- [SOURCE RECORDS]
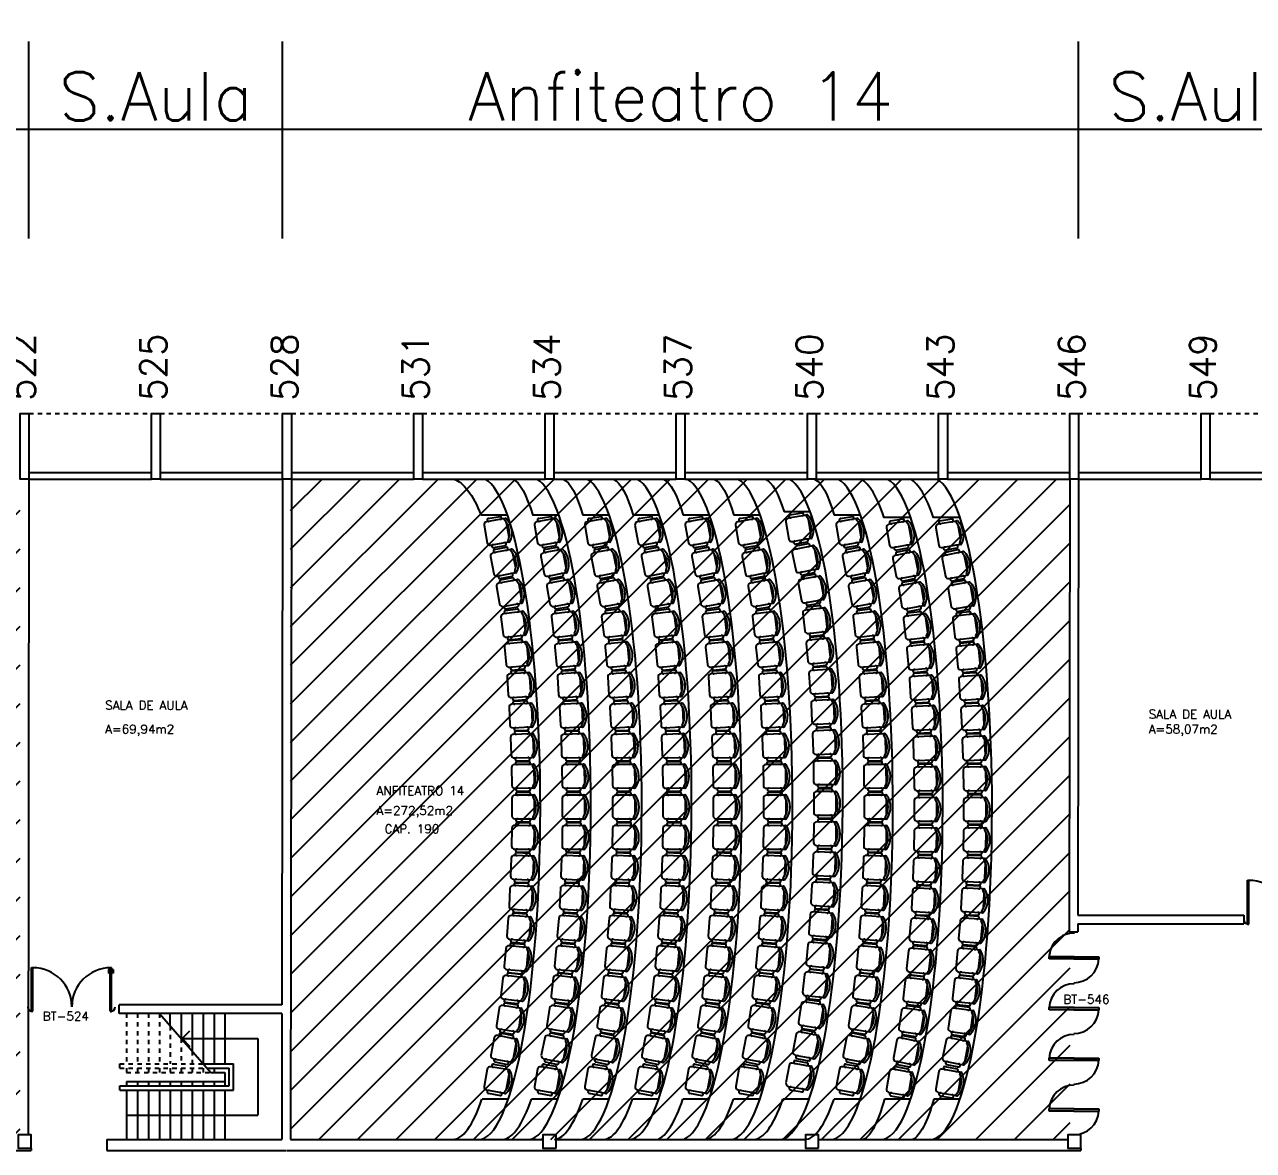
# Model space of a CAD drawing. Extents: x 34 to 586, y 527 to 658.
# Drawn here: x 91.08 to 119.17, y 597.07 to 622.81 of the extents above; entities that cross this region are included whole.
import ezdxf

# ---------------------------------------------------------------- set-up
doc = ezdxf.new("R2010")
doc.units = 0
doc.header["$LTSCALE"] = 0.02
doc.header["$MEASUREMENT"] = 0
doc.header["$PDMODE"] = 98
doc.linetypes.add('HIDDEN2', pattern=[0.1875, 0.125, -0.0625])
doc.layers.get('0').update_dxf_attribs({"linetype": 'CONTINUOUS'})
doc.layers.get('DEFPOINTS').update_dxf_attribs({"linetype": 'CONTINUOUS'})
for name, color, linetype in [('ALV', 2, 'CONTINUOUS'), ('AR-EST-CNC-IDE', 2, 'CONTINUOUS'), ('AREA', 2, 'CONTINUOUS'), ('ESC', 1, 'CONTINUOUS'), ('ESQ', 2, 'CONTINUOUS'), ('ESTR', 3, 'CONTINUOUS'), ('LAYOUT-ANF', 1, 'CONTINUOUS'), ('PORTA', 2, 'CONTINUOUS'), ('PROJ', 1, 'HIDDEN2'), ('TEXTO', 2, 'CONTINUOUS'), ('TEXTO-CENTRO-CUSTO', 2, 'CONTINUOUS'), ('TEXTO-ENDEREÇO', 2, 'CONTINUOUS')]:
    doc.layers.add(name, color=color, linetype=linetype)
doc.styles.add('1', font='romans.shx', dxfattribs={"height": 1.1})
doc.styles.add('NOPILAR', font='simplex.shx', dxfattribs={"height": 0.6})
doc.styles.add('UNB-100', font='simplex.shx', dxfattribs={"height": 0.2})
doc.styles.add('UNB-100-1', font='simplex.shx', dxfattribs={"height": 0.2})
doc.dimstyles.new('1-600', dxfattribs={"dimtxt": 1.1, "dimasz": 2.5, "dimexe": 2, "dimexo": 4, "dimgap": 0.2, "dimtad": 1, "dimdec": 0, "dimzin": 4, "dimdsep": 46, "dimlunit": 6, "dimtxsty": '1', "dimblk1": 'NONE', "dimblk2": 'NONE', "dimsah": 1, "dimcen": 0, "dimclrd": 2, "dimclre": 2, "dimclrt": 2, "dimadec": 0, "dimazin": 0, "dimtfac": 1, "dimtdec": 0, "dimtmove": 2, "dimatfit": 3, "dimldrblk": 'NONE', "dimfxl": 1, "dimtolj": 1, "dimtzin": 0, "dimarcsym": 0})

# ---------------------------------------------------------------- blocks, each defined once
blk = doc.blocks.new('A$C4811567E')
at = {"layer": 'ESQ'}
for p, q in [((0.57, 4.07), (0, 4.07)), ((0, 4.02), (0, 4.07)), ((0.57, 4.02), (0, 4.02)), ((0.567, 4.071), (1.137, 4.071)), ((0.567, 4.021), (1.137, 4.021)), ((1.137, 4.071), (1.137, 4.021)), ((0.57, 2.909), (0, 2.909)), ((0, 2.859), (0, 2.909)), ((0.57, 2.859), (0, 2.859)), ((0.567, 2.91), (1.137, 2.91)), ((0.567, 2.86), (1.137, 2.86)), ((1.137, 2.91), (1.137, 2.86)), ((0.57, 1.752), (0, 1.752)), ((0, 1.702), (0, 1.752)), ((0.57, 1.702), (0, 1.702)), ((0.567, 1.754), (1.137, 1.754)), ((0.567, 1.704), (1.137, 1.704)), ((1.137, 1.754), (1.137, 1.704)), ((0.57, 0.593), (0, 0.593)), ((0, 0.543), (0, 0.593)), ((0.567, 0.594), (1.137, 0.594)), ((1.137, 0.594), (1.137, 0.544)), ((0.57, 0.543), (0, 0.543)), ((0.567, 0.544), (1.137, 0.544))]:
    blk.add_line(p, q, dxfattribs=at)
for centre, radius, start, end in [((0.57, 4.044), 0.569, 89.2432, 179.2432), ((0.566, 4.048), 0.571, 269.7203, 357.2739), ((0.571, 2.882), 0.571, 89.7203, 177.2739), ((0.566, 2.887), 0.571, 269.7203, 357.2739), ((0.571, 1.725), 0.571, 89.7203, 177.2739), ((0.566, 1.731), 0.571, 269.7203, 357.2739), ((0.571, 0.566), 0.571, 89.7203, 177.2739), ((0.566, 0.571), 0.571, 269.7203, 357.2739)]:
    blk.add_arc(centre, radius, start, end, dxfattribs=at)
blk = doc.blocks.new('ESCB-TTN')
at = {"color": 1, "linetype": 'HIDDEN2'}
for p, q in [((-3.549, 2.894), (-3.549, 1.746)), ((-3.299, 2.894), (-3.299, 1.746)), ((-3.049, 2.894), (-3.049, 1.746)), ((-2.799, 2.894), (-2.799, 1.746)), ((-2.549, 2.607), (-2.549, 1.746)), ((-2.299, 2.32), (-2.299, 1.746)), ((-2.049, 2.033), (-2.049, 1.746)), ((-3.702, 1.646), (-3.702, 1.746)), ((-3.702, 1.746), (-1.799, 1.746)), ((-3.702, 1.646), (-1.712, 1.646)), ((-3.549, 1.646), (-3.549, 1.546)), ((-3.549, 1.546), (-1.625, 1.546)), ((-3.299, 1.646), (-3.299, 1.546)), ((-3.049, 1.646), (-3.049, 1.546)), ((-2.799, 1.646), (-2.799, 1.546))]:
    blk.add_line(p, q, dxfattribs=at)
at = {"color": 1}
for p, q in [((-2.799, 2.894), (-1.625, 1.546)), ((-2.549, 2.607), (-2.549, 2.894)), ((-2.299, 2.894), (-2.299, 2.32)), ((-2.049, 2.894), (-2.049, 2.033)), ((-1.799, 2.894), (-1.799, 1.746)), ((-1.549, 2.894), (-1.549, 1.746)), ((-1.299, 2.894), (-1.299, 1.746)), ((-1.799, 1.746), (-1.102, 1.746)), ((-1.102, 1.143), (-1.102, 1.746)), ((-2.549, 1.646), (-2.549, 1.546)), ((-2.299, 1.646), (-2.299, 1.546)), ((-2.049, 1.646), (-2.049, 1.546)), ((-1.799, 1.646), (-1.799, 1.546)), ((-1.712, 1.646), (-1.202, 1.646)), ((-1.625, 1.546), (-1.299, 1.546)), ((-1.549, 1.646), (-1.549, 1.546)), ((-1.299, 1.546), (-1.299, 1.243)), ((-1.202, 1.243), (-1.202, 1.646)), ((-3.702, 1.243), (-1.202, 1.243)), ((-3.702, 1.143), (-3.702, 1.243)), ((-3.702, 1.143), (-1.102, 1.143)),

- [INSTRUCTIONS FOR THE TASK] Work out how many lines of the records contain the string "simplex". Nothing but the number should be written.

- [ANSWER AREA] 3